July, 1944: St. Lô


Late that afternoon, as the fury abated, I reached my personal depth of the war, and it has remained with me as only the ultimate depth, and height, of one’s life can remain. I was alone at the time outside the now useless command post. The sun, setting behind St. Lô    , glowed a dull, furious red through the smoke and dust raised by the shelling. Tall trees cast long black shadows; on the road was a smashed jeep with the flayed remains of the driver fallen half out of it. In the next field a dump of mortar ammunition burned and flared. Here the shelling had stopped, but in the distance it still rumbled like far-off summer thunder.

The scene was Gotterdämmerung, an effect opera-set designers strive for but can never equal. A Teutonic heart might have found it stirring grandeur. But not mine, not then. For suddenly I was convinced that my battalion was gone, irrevocably lost, destroyed. If the Germans could threaten to overrun this well-supplied position, what chance of survival had the undermanned and undersupplied companies isolated in their midst? And if the battalion that had been the boundaries of my life for three years was gone, what chance had I? At that point I was despairing of the war and uncaring of its purpose.

After dark I was called to the regimental command post with the staffs of the battalions to meet with the divisional commander. The dimly lit bunker was crowded and the air oppressive. The general reviewed the situation; he said that the 2nd Battalion had survived the day without serious trouble and that the attack to relieve it and take St. Lô     would go on. He then delivered a harsh judgment on defeatism, racking a hapless captain who had expressed discouragement. He did not know that in the back of the bunker stood perhaps the most despairing major on the Normandy front.

Usually this dynamic man’s statement of purpose and direction lifted my spirits. But not that night; I could not believe that the 2nd had survived such a day inside the German lines, or, perhaps to justify my own funk, I didn’t choose to believe it.

The regimental commander, who had just taken over the job, assured the general that we were full of fight, and the session was over.

I stumbled back through the dark to arrive at our position just as a heavy shelling filled the night again with noise and concussion. My usually highly active sense of self-preservation was not functioning, for instead of diving into the nearest hole, I wandered aimlessly around, ears ringing from a nearby tree burst whose shower of fragments somehow missed me. My route passed the slit trench of a sergeant who had been in the first platoon of which I had taken uncertain command. He called a warning, and when I continued on, he jumped out and dumped me into the nearest hole and demanded that I stay there. So I did, and recall little of the rest of the night.

The battalion surgeon appeared at daylight to inquire about the situation but showed more interest in what he said was my loss of hearing and suggested that I go back to the division’s medical clearing station for a check. What was left of the 2nd Battalion had been attached to the 1st, leaving me particularly useless, and I made no objection. At the clearing station I was given a blue capsule and sent to a nearby tent area. The capsule, reputedly capable of stupefying an elephant, was known popularly as the blue-88, in tribute to the Germans’ dreaded 88-mm. gun. I barely made it to the tent and a blanket on the ground before falling off a high place into a deep, vacant sleep.

Eight or ten hours later I climbed reluctantly back to awareness and found the tent had been removed while I slept. Nearby was a line of hapless-looking soldiers carrying mess gear, though there was no kitchen in sight. While I was trying to sort all this out a lightly built, sandy-haired lieutenant came up and pointed shakily to a bombed-out railway station barely visible in the distance. This place, he said, was too close to that target and ought to be moved. Obviously he was at one with the dejected-looking soldiers seeking comfort in the familiar ritual of standing in a mess line—even one that offered no food.

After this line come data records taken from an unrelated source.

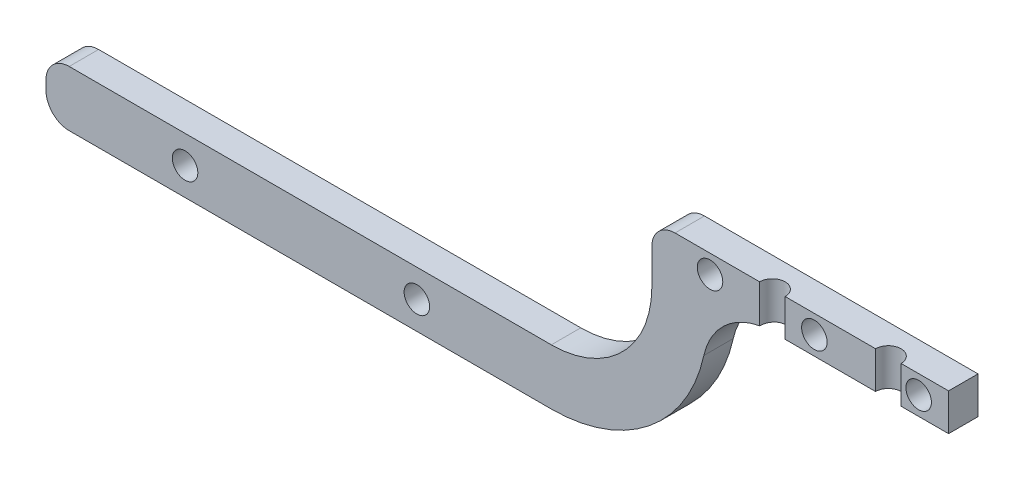
from build123d import *

# Parameters (mm, degrees)
BOSS_EXTRUDE1_DEPTH = 6.35
FILLET1_R           = 5
FILLET2_R           = 15
SKETCH4_R           = 2.75
CUT_EXTRUDE2_DEPTH  = 10
CUT_EXTRUDE3_REACH  = 48.24
SKETCH3_R           = 2.75


with BuildPart() as part:
    # Sketch1 → Boss-Extrude1 (new body)
    with BuildSketch(Plane.XY):
        with BuildLine():
            Line((0, 0), (-64, 0))
            Line((-64, 0), (-64, -12.552169744))
            ThreePointArc((-64, -12.552169744), (-70.352218413, -27.887781587), (-85.687830256, -34.24))
            Line((-85.687830256, -34.24), (-194.687830256, -34.24))
            Line((-194.687830256, -34.24), (-194.687830256, -46.24))
            Line((-194.687830256, -46.24), (-85.687830256, -46.24))
            ThreePointArc((-85.687830256, -46.24), (-61.866937038, -36.373062962), (-52, -12.552169744))
            Line((-52, -12.552169744), (-52, -8))
            Line((-52, -8), (0, -8))
            Line((0, -8), (0, 0))
        make_face()
    extrude(amount=BOSS_EXTRUDE1_DEPTH)

    # Fillet1
    fillet1_edges = [part.edges().sort_by_distance(p)[0] for p in [
        (-194.687830256, -46.24, 3.175),
        (-194.687830256, -34.24, 3.175),
        (-64, 0, 3.175),
    ]]
    fillet(fillet1_edges, radius=FILLET1_R)

    # Fillet2
    fillet2_edges = [part.edges().sort_by_distance(p)[0] for p in [
        (-52, -8, 3.175),
    ]]
    fillet(fillet2_edges, radius=FILLET2_R)

    # Sketch4 → Cut-Extrude2 (cut)
    with BuildSketch(Plane.XY.offset(6.35)):
        with Locations((-164.687830256, -40.24)):
            Circle(SKETCH4_R)
        with Locations((-114.687830256, -40.24)):
            Circle(SKETCH4_R)
        with Locations((-6.452530622, -4)):
            Circle(SKETCH4_R)
        with Locations((-28.952530622, -4)):
            Circle(SKETCH4_R)
        with Locations((-51.452530622, -4)):
            Circle(SKETCH4_R)
    extrude(amount=-CUT_EXTRUDE2_DEPTH, mode=Mode.SUBTRACT)

    # Sketch3 → Cut-Extrude3 (cut, up to next)
    with BuildSketch(Plane(origin=(0, 0, 0), x_dir=(1, 0, 0), z_dir=(0, 1, 0)), mode=Mode.PRIVATE) as cut_extrude3_sk1:
        with Locations((-13, -6.35)):
            Circle(SKETCH3_R)
    cut_extrude3_tool1 = extrude(cut_extrude3_sk1.sketch, amount=-CUT_EXTRUDE3_REACH, mode=Mode.PRIVATE) & part.part
    add(cut_extrude3_tool1.solids().sort_by_distance((-13, 0, 6.35))[0], mode=Mode.SUBTRACT)
    # Sketch3 → Cut-Extrude3 (cut, up to next)
    with BuildSketch(Plane(origin=(0, 0, 0), x_dir=(1, 0, 0), z_dir=(0, 1, 0)), mode=Mode.PRIVATE) as cut_extrude3_sk2:
        with Locations((-38, -6.35)):
            Circle(SKETCH3_R)
    cut_extrude3_tool2 = extrude(cut_extrude3_sk2.sketch, amount=-CUT_EXTRUDE3_REACH, mode=Mode.PRIVATE) & part.part
    add(cut_extrude3_tool2.solids().sort_by_distance((-38, 0, 6.35))[0], mode=Mode.SUBTRACT)


solid = part.part

It came to me then, with a jolt, that this was the trampled field of the defeated in spirit—the division’s way station for the emotional wreckage of the battle, called combat-fatigue cases. Here was determined those salvageable for further war and those to be discarded into the teeming rear areas.

No Gotterdämmerung this—no twilight of the gods full of the grandeur of noble death. This was a place of whimper and cringe, the skid row of the battle zone. I had heard of it, and my offhand judgment had been that it was a mistake to so cater to weakness. Finding myself there brought on a panic akin, I imagine, to that of a minister who has walked inadvertently into a brothel. Now I can see that field as a true note in the awful clanging harmony of St. Lô    . The abject spirits were counterpoint to those enduring on Martinville Ridge; their weakness accented strength as death accents life.

The answer to my shame at having slept through my battalion’s agony at such a place was to flag down a ride back to the ridge. Leaving physically was a matter of minutes, but emotionally that place remains with me; I must always wonder how truly I belonged there.